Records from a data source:

- - - - - - -

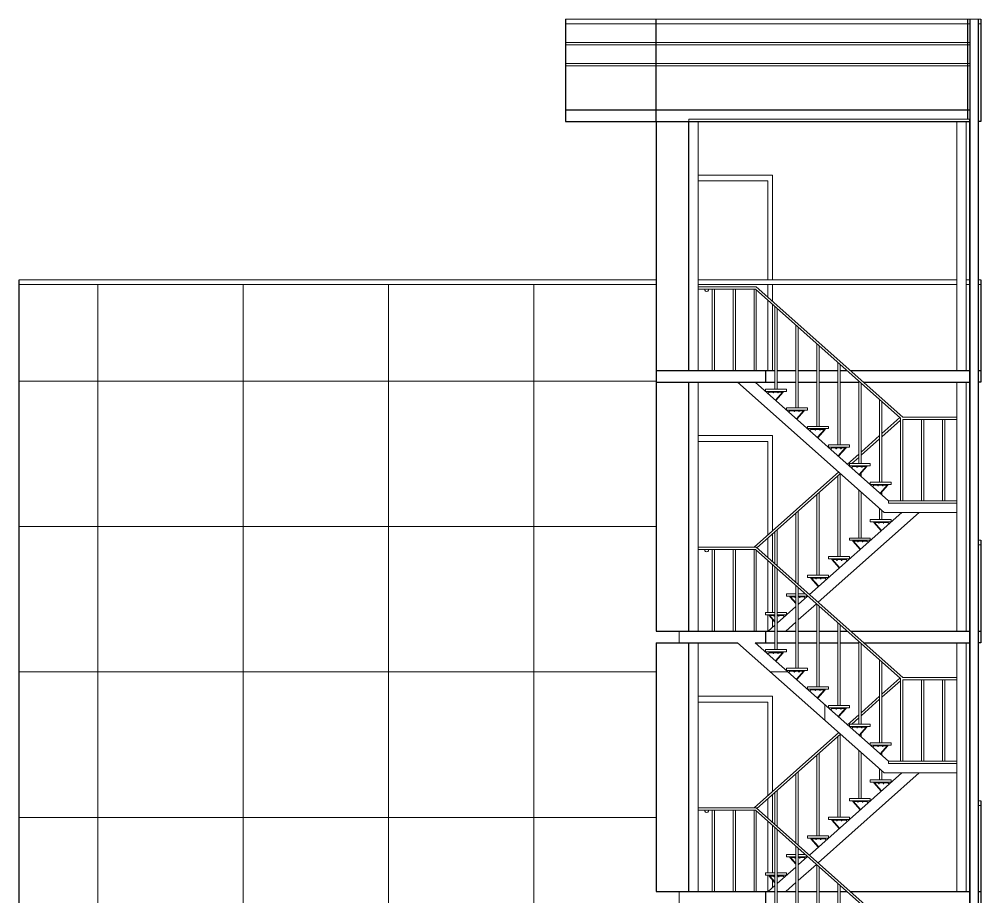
# Model space of a CAD drawing. Header units: inches. Extents: x 151827 to 158466, y -33102 to -26532.
# Drawn here: x 155975.7 to 156389, y -32668.7 to -32291.5 of the extents above; entities that cross this region are included whole.
import ezdxf

# ---------------------------------------------------------------- set-up
doc = ezdxf.new("R2010")
doc.units = ezdxf.units.IN
doc.header["$LTSCALE"] = 5
doc.header["$MEASUREMENT"] = 0
for name, color, linetype, lineweight in [('A-WALL', 7, 'Continuous', 9), ('DOOR', 62, 'Continuous', 0), ('Railing', 43, 'Continuous', 18), ('Staircase', 6, 'Continuous', 13), ('win', 5, 'Continuous', 18)]:
    doc.layers.add(name, color=color, linetype=linetype, lineweight=lineweight)
doc.layers.add('BOLTS', color=51, linetype='Continuous')
doc.layers.add('WALL', color=7, linetype='Continuous')

# ---------------------------------------------------------------- blocks, each defined once
blk = doc.blocks.new('A$C3A4C2E96')
at = {"layer": 'BOLTS', "color": 251}
blk.add_line((-0.015, 0.004), (0.015, 0.004), dxfattribs=at)
at = {"layer": 'BOLTS', "color": 252}
blk.add_lwpolyline([(-0.021, 0), (0.021, 0), (0.021, 0.002), (-0.021, 0.002)], close=True, dxfattribs=at)
blk.add_lwpolyline([(-0.017, 0.002), (-0.015, 0.004), (-0.015, 0.014, -0.414214), (-0.011, 0.018), (0.011, 0.018, -0.414214), (0.015, 0.014), (0.015, 0.004), (0.017, 0.002)], format="xyb", close=True, dxfattribs=at)
at = {"layer": 'BOLTS', "color": 251}
blk.add_lwpolyline([(0.008, 0.004), (0.008, 0.014, 0.414214), (0.004, 0.018), (-0.004, 0.018, 0.414214), (-0.008, 0.014), (-0.008, 0.004)], format="xyb", dxfattribs=at)
for centre, start, end in [((-0.011, 0.014), 0, 90), ((0.011, 0.014), 90, 180)]:
    blk.add_arc(centre, 0.0038, start, end, dxfattribs=at)

msp = doc.modelspace()

# ---------------------------------------------------------------- hatches: boundary and pattern name
at = {"layer": 'A-WALL', "ltscale": 5}
h = msp.add_hatch(dxfattribs=at)
h.set_pattern_fill('ANSI37', color=256, scale=500, angle=45)
h.set_pattern_definition([(90, (-19053.13, -4697.1), (-62.5, 0), []), (180, (-19053.13, -4697.1), (-4e-15, -62.5), [])])
h.paths.add_polyline_path([(156249.51, -32671.47), (156284.48, -32671.47), (156347.48, -32727.47), (156378.7, -32727.47), (156378.7, -32723.47), (156349.39, -32723.47), (156349.39, -32722.47), (156292.01, -32671.47), (156300.51, -32671.47), (156300.51, -32666.47), (156249.51, -32666.47), (156249.51, -32559.47), (156284.48, -32559.47), (156347.48, -32615.47), (156378.7, -32615.47), (156378.7, -32611.47), (156349.39, -32611.47), (156349.39, -32610.47), (156292.01, -32559.47), (156300.51, -32559.47), (156300.51, -32554.47), (156249.51, -32554.47), (156249.51, -32442.47), (156249.51, -32405.47), (155975.7, -32405.47), (155975.7, -32890.47), (156249.51, -32890.47), (156249.51, -32783.47), (156284.48, -32783.47), (156347.48, -32839.47), (156378.7, -32839.47), (156378.7, -32835.47), (156349.39, -32835.47), (156349.39, -32834.47), (156292.01, -32783.47), (156300.51, -32783.47), (156300.51, -32778.47), (156249.51, -32778.47)])

# ---------------------------------------------------------------- linework, layer by layer
for p, q in [((156263.51, -32335.47, -72.71), (156263.51, -32334.47, -72.71)), ((156263.51, -32334.47, -72.71), (156384.11, -32334.47, -72.71)), ((156384.11, -32334.47, -72.71), (156384.11, -32335.47, -72.71)), ((156267.51, -32442.47, -72.71), (156267.51, -32335.47, -72.71)), ((156378.7, -32442.47, -72.71), (156378.7, -32335.47, -72.71)), ((156382.7, -32442.47, -72.71), (156382.7, -32335.47, -72.71)), ((156384.11, -32442.47, -72.71), (156384.11, -32335.47, -72.71)), ((156292.51, -32406.47, -72.71), (156267.51, -32406.47, -72.71)), ((156292.13, -32407.47, -72.71), (156267.51, -32407.47, -72.71)), ((156273.51, -32442.47, -72.71), (156273.51, -32407.47, -72.71)), ((156274.51, -32442.47, -72.71), (156274.51, -32407.47, -72.71)), ((156282.51, -32442.47, -72.71), (156282.51, -32407.47, -72.71)), ((156283.51, -32442.47, -72.71), (156283.51, -32407.47, -72.71)), ((156291.51, -32442.47, -72.71), (156291.51, -32407.47, -72.71)), ((156354.51, -32462.92, -72.71), (156292.13, -32407.47, -72.71)), ((156355.51, -32462.47, -72.71), (156292.51, -32406.47, -72.71)), ((156292.51, -32442.47, -72.71), (156292.51, -32407.81, -72.71)), ((156300.51, -32450.47, -72.71), (156300.51, -32414.92, -72.71)), ((156301.51, -32450.47, -72.71), (156301.51, -32415.81, -72.71)), ((156309.51, -32458.47, -72.71), (156309.51, -32422.92, -72.71)), ((156310.51, -32458.47, -72.71), (156310.51, -32423.81, -72.71)), ((156318.51, -32466.47, -72.71), (156318.51, -32430.92, -72.71)), ((156319.51, -32466.47, -72.71), (156319.51, -32431.81, -72.71)), ((156327.51, -32474.47, -72.71), (156327.51, -32438.92, -72.71)), ((156328.51, -32474.47, -72.71), (156328.51, -32439.81, -72.71)), ((156384.11, -32442.47, -72.71), (156384.11, -32447.47, -72.71)), ((156267.51, -32554.47, -72.71), (156267.51, -32447.47, -72.71)), ((156284.48, -32447.47, -72.71), (156347.48, -32503.47, -72.71)), ((156292.01, -32447.47, -72.71), (156349.39, -32498.47, -72.71)), ((156336.51, -32482.47, -72.71), (156336.51, -32446.92, -72.71)), ((156337.51, -32482.47, -72.71), (156337.51, -32447.81, -72.71)), ((156378.7, -32554.47, -72.71), (156378.7, -32447.47, -72.71)), ((156382.7, -32554.47, -72.71), (156382.7, -32447.47, -72.71)), ((156384.11, -32554.47, -72.71), (156384.11, -32447.47, -72.71)), ((156297.96, -32451.77, -72.71), (156297.47, -32452.32, -72.71)), ((156303.76, -32451.77, -72.71), (156300.71, -32455.2, -72.71)), ((156304.06, -32451.77, -72.71), (156300.88, -32455.35, -72.71)), ((156345.51, -32490.47, -72.71), (156345.51, -32454.92, -72.71)), ((156346.51, -32490.47, -72.71), (156346.51, -32455.81, -72.71)), ((156306.96, -32459.77, -72.71), (156306.47, -32460.32, -72.71)), ((156312.76, -32459.77, -72.71), (156309.71, -32463.2, -72.71)), ((156313.06, -32459.77, -72.71), (156309.88, -32463.35, -72.71)), ((156354.51, -32462.92, -72.71), (156354.51, -32498.47, -72.71)), ((156355.51, -32462.47, -72.71), (156378.7, -32462.47, -72.71)), ((156355.51, -32463.47, -72.71), (156355.51, -32498.47, -72.71)), ((156355.51, -32463.47, -72.71), (156378.7, -32463.47, -72.71)), ((156363.51, -32463.47, -72.71), (156363.51, -32498.47, -72.71)), ((156364.51, -32463.47, -72.71), (156364.51, -32498.47, -72.71)), ((156372.51, -32463.47, -72.71), (156372.51, -32498.47, -72.71)), ((156373.51, -32463.47, -72.71), (156373.51, -32498.47, -72.71)), ((156315.96, -32467.77, -72.71), (156315.47, -32468.32, -72.71)), ((156321.76, -32467.77, -72.71), (156318.71, -32471.2, -72.71)), ((156322.06, -32467.77, -72.71), (156318.88, -32471.35, -72.71)), ((156324.96, -32475.77, -72.71), (156324.47, -32476.32, -72.71)), ((156330.76, -32475.77, -72.71), (156327.71, -32479.2, -72.71)), ((156331.06, -32475.77, -72.71), (156327.88, -32479.35, -72.71)), ((156333.96, -32483.77, -72.71), (156333.47, -32484.32, -72.71)), ((156339.76, -32483.77, -72.71), (156336.71, -32487.2, -72.71)), ((156340.06, -32483.77, -72.71), (156336.88, -32487.35, -72.71)), ((156342.96, -32491.77, -72.71), (156342.47, -32492.32, -72.71)), ((156348.76, -32491.77, -72.71), (156345.71, -32495.2, -72.71)), ((156349.06, -32491.77, -72.71), (156345.88, -32495.35, -72.71)), ((156349.39, -32498.47, -72.71), (156378.7, -32498.47, -72.71)), ((156315.32, -32538.75, -72.71), (156355.01, -32503.47, -72.71)), ((156319.09, -32542.09, -72.71), (156362.54, -32503.47, -72.71)), ((156347.48, -32503.47, -72.71), (156378.7, -32503.47, -72.71)), ((156342.96, -32507.77, -72.71), (156346.14, -32511.35, -72.71)), ((156343.26, -32507.77, -72.71), (156346.31, -32511.2, -72.71)), ((156349.06, -32507.77, -72.71), (156349.55, -32508.32, -72.71)), ((156333.96, -32515.77, -72.71), (156337.14, -32519.35, -72.71)), ((156334.26, -32515.77, -72.71), (156337.31, -32519.2, -72.71)), ((156340.06, -32515.77, -72.71), (156340.55, -32516.32, -72.71)), ((156292.51, -32518.47, -72.71), (156267.51, -32518.47, -72.71)), ((156292.13, -32519.47, -72.71), (156267.51, -32519.47, -72.71)), ((156273.51, -32554.47, -72.71), (156273.51, -32519.47, -72.71)), ((156274.51, -32554.47, -72.71), (156274.51, -32519.47, -72.71)), ((156282.51, -32554.47, -72.71), (156282.51, -32519.47, -72.71)), ((156283.51, -32554.47, -72.71), (156283.51, -32519.47, -72.71)), ((156291.51, -32554.47, -72.71), (156291.51, -32519.47, -72.71)), ((156354.51, -32574.92, -72.71), (156292.13, -32519.47, -72.71)), ((156355.51, -32574.47, -72.71), (156292.51, -32518.47, -72.71)), ((156292.51, -32554.47, -72.71), (156292.51, -32519.81, -72.71)), ((156324.96, -32523.77, -72.71), (156328.14, -32527.35, -72.71)), ((156325.26, -32523.77, -72.71), (156328.31, -32527.2, -72.71)), ((156331.06, -32523.77, -72.71), (156331.55, -32524.32, -72.71)), ((156300.51, -32562.47, -72.71), (156300.51, -32526.92, -72.71)), ((156301.51, -32562.47, -72.71), (156301.51, -32527.81, -72.71)), ((156315.96, -32531.77, -72.71), (156319.14, -32535.35, -72.71)), ((156316.26, -32531.77, -72.71), (156319.31, -32535.2, -72.71)), ((156322.06, -32531.77, -72.71), (156322.55, -32532.32, -72.71)), ((156309.51, -32570.47, -72.71), (156309.51, -32534.92, -72.71)), ((156310.51, -32570.47, -72.71), (156310.51, -32535.81, -72.71)), ((156306.96, -32539.77, -72.71), (156309.51, -32542.64, -72.71)), ((156307.26, -32539.77, -72.71), (156309.51, -32542.3, -72.71)), ((156310.51, -32543.02, -72.71), (156314.57, -32539.41, -72.71)), ((156313.06, -32539.77, -72.71), (156313.55, -32540.32, -72.71)), ((156301.51, -32551.02, -72.71), (156309.51, -32543.91, -72.71)), ((156310.51, -32549.71, -72.71), (156318.33, -32542.76, -72.71)), ((156318.51, -32578.47, -72.71), (156318.51, -32542.92, -72.71)), ((156319.51, -32578.47, -72.71), (156319.51, -32543.81, -72.71)), ((156297.96, -32547.77, -72.71), (156300.51, -32550.64, -72.71)), ((156298.26, -32547.77, -72.71), (156300.51, -32550.3, -72.71)), ((156304.06, -32547.77, -72.71), (156304.55, -32548.32, -72.71)), ((156297.64, -32554.47, -72.71), (156300.51, -32551.91, -72.71)), ((156305.16, -32554.47, -72.71), (156309.51, -32550.6, -72.71)), ((156327.51, -32586.47, -72.71), (156327.51, -32550.92, -72.71)), ((156328.51, -32586.47, -72.71), (156328.51, -32551.81, -72.71)), ((156267.51, -32666.47, -72.71), (156267.51, -32559.47, -72.71)), ((156284.48, -32559.47, -72.71), (156347.48, -32615.47, -72.71)), ((156292.01, -32559.47, -72.71), (156349.39, -32610.47, -72.71)), ((156336.51, -32594.47, -72.71), (156336.51, -32558.92, -72.71)), ((156337.51, -32594.47, -72.71), (156337.51, -32559.81, -72.71)), ((156378.7, -32666.47, -72.71), (156378.7, -32559.47, -72.71)), ((156382.7, -32666.47, -72.71), (156382.7, -32559.47, -72.71)), ((156384.11, -32666.47, -72.71), (156384.11, -32559.47, -72.71)), ((156297.96, -32563.77, -72.71), (156297.47, -32564.32, -72.71)), ((156303.76, -32563.77, -72.71), (156300.71, -32567.2, -72.71)), ((156304.06, -32563.77, -72.71), (156300.88, -32567.35, -72.71)), ((156345.51, -32602.47, -72.71), (156345.51, -32566.92, -72.71)), ((156346.51, -32602.47, -72.71), (156346.51, -32567.81, -72.71)), ((156306.96, -32571.77, -72.71), (156306.47, -32572.32, -72.71)), ((156312.76, -32571.77, -72.71), (156309.71, -32575.2, -72.71)), ((156313.06, -32571.77, -72.71), (156309.88, -32575.35, -72.71)), ((156355.51, -32574.47, -72.71), (156378.7, -32574.47, -72.71)), ((156354.51, -32574.92, -72.71), (156354.51, -32610.47, -72.71)), ((156355.51, -32575.47, -72.71), (156355.51, -32610.47, -72.71)), ((156355.51, -32575.47, -72.71), (156378.7, -32575.47, -72.71)), ((156363.51, -32575.47, -72.71), (156363.51, -32610.47, -72.71)), ((156364.51, -32575.47, -72.71), (156364.51, -32610.47, -72.71)), ((156372.51, -32575.47, -72.71), (156372.51, -32610.47, -72.71)), ((156373.51, -32575.47, -72.71), (156373.51, -32610.47, -72.71)), ((156315.96, -32579.77, -72.71), (156315.47, -32580.32, -72.71)), ((156321.76, -32579.77, -72.71), (156318.71, -32583.2, -72.71)), ((156322.06, -32579.77, -72.71), (156318.88, -32583.35, -72.71)), ((156324.96, -32587.77, -72.71), (156324.47, -32588.32, -72.71)), ((156330.76, -32587.77, -72.71), (156327.71, -32591.2, -72.71)), ((156331.06, -32587.77, -72.71), (156327.88, -32591.35, -72.71)), ((156333.96, -32595.77, -72.71), (156333.47, -32596.32, -72.71)), ((156339.76, -32595.77, -72.71), (156336.71, -32599.2, -72.71)), ((156340.06, -32595.77, -72.71), (156336.88, -32599.35, -72.71)), ((156342.96, -32603.77, -72.71), (156342.47, -32604.32, -72.71)), ((156348.76, -32603.77, -72.71), (156345.71, -32607.2, -72.71)), ((156349.06, -32603.77, -72.71), (156345.88, -32607.35, -72.71)), ((156349.39, -32610.47, -72.71), (156378.7, -32610.47, -72.71)), ((156315.32, -32650.75, -72.71), (156355.01, -32615.47, -72.71)), ((156319.09, -32654.09, -72.71), (156362.54, -32615.47, -72.71)), ((156347.48, -32615.47, -72.71), (156378.7, -32615.47, -72.71)), ((156342.96, -32619.77, -72.71), (156346.14, -32623.35, -72.71)), ((156343.26, -32619.77, -72.71), (156346.31, -32623.2, -72.71)), ((156349.06, -32619.77, -72.71), (156349.55, -32620.32, -72.71)), ((156333.96, -32627.77, -72.71), (156337.14, -32631.35, -72.71)), ((156334.26, -32627.77, -72.71), (156337.31, -32631.2, -72.71)), ((156340.06, -32627.77, -72.71), (156340.55, -32628.32, -72.71)), ((156292.51, -32630.47, -72.71), (156267.51, -32630.47, -72.71)), ((156292.13, -32631.47, -72.71), (156267.51, -32631.47, -72.71)), ((156273.51, -32666.47, -72.71), (156273.51, -32631.47, -72.71)), ((156274.51, -32666.47, -72.71), (156274.51, -32631.47, -72.71)), ((156282.51, -32666.47, -72.71), (156282.51, -32631.47, -72.71)), ((156283.51, -32666.47, -72.71), (156283.51, -32631.47, -72.71)), ((156291.51, -32666.47, -72.71), (156291.51, -32631.47, -72.71)), ((156354.51, -32686.92, -72.71), (156292.13, -32631.47, -72.71)), ((156355.51, -32686.47, -72.71), (156292.51, -32630.47, -72.71)), ((156292.51, -32666.47, -72.71), (156292.51, -32631.81, -72.71)), ((156324.96, -32635.77, -72.71), (156328.14, -32639.35, -72.71)), ((156325.26, -32635.77, -72.71), (156328.31, -32639.2, -72.71)), ((156331.06, -32635.77, -72.71), (156331.55, -32636.32, -72.71)), ((156300.51, -32674.47, -72.71), (156300.51, -32638.92, -72.71)), ((156301.51, -32674.47, -72.71), (156301.51, -32639.81, -72.71)), ((156315.96, -32643.77, -72.71), (156319.14, -32647.35, -72.71)), ((156316.26, -32643.77, -72.71), (156319.31, -32647.2, -72.71)), ((156322.06, -32643.77, -72.71), (156322.55, -32644.32, -72.71)), ((156309.51, -32682.47, -72.71), (156309.51, -32646.92, -72.71)), ((156310.51, -32682.47, -72.71), (156310.51, -32647.81, -72.71)), ((156306.96, -32651.77, -72.71), (156309.51, -32654.64, -72.71)), ((156307.26, -32651.77, -72.71), (156309.51, -32654.3, -72.71)), ((156310.51, -32655.02, -72.71), (156314.57, -32651.41, -72.71)), ((156313.06, -32651.77, -72.71), (156313.55, -32652.32, -72.71)), ((156301.51, -32663.02, -72.71), (156309.51, -32655.91, -72.71)), ((156310.51, -32661.71, -72.71), (156318.33, -32654.76, -72.71)), ((156318.51, -32690.47, -72.71), (156318.51, -32654.92, -72.71)), ((156319.51, -32690.47, -72.71), (156319.51, -32655.81, -72.71)), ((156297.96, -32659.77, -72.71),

- - - - - - -

**ASSIGNED TASK**. Copy nothing past the line containing "blk.add_line((-0.015, 0.004), (0.015, 0.004), dxfattribs=at)": reproduce every line from the start of the records up to it, skipping pictures.

**ANSWER TO THIS TASK**.
# Model space of a CAD drawing. Header units: inches. Extents: x 151827 to 158466, y -33102 to -26532.
# Drawn here: x 155975.7 to 156389, y -32668.7 to -32291.5 of the extents above; entities that cross this region are included whole.
import ezdxf

# ---------------------------------------------------------------- set-up
doc = ezdxf.new("R2010")
doc.units = ezdxf.units.IN
doc.header["$LTSCALE"] = 5
doc.header["$MEASUREMENT"] = 0
for name, color, linetype, lineweight in [('A-WALL', 7, 'Continuous', 9), ('DOOR', 62, 'Continuous', 0), ('Railing', 43, 'Continuous', 18), ('Staircase', 6, 'Continuous', 13), ('win', 5, 'Continuous', 18)]:
    doc.layers.add(name, color=color, linetype=linetype, lineweight=lineweight)
doc.layers.add('BOLTS', color=51, linetype='Continuous')
doc.layers.add('WALL', color=7, linetype='Continuous')

# ---------------------------------------------------------------- blocks, each defined once
blk = doc.blocks.new('A$C3A4C2E96')
at = {"layer": 'BOLTS', "color": 251}
blk.add_line((-0.015, 0.004), (0.015, 0.004), dxfattribs=at)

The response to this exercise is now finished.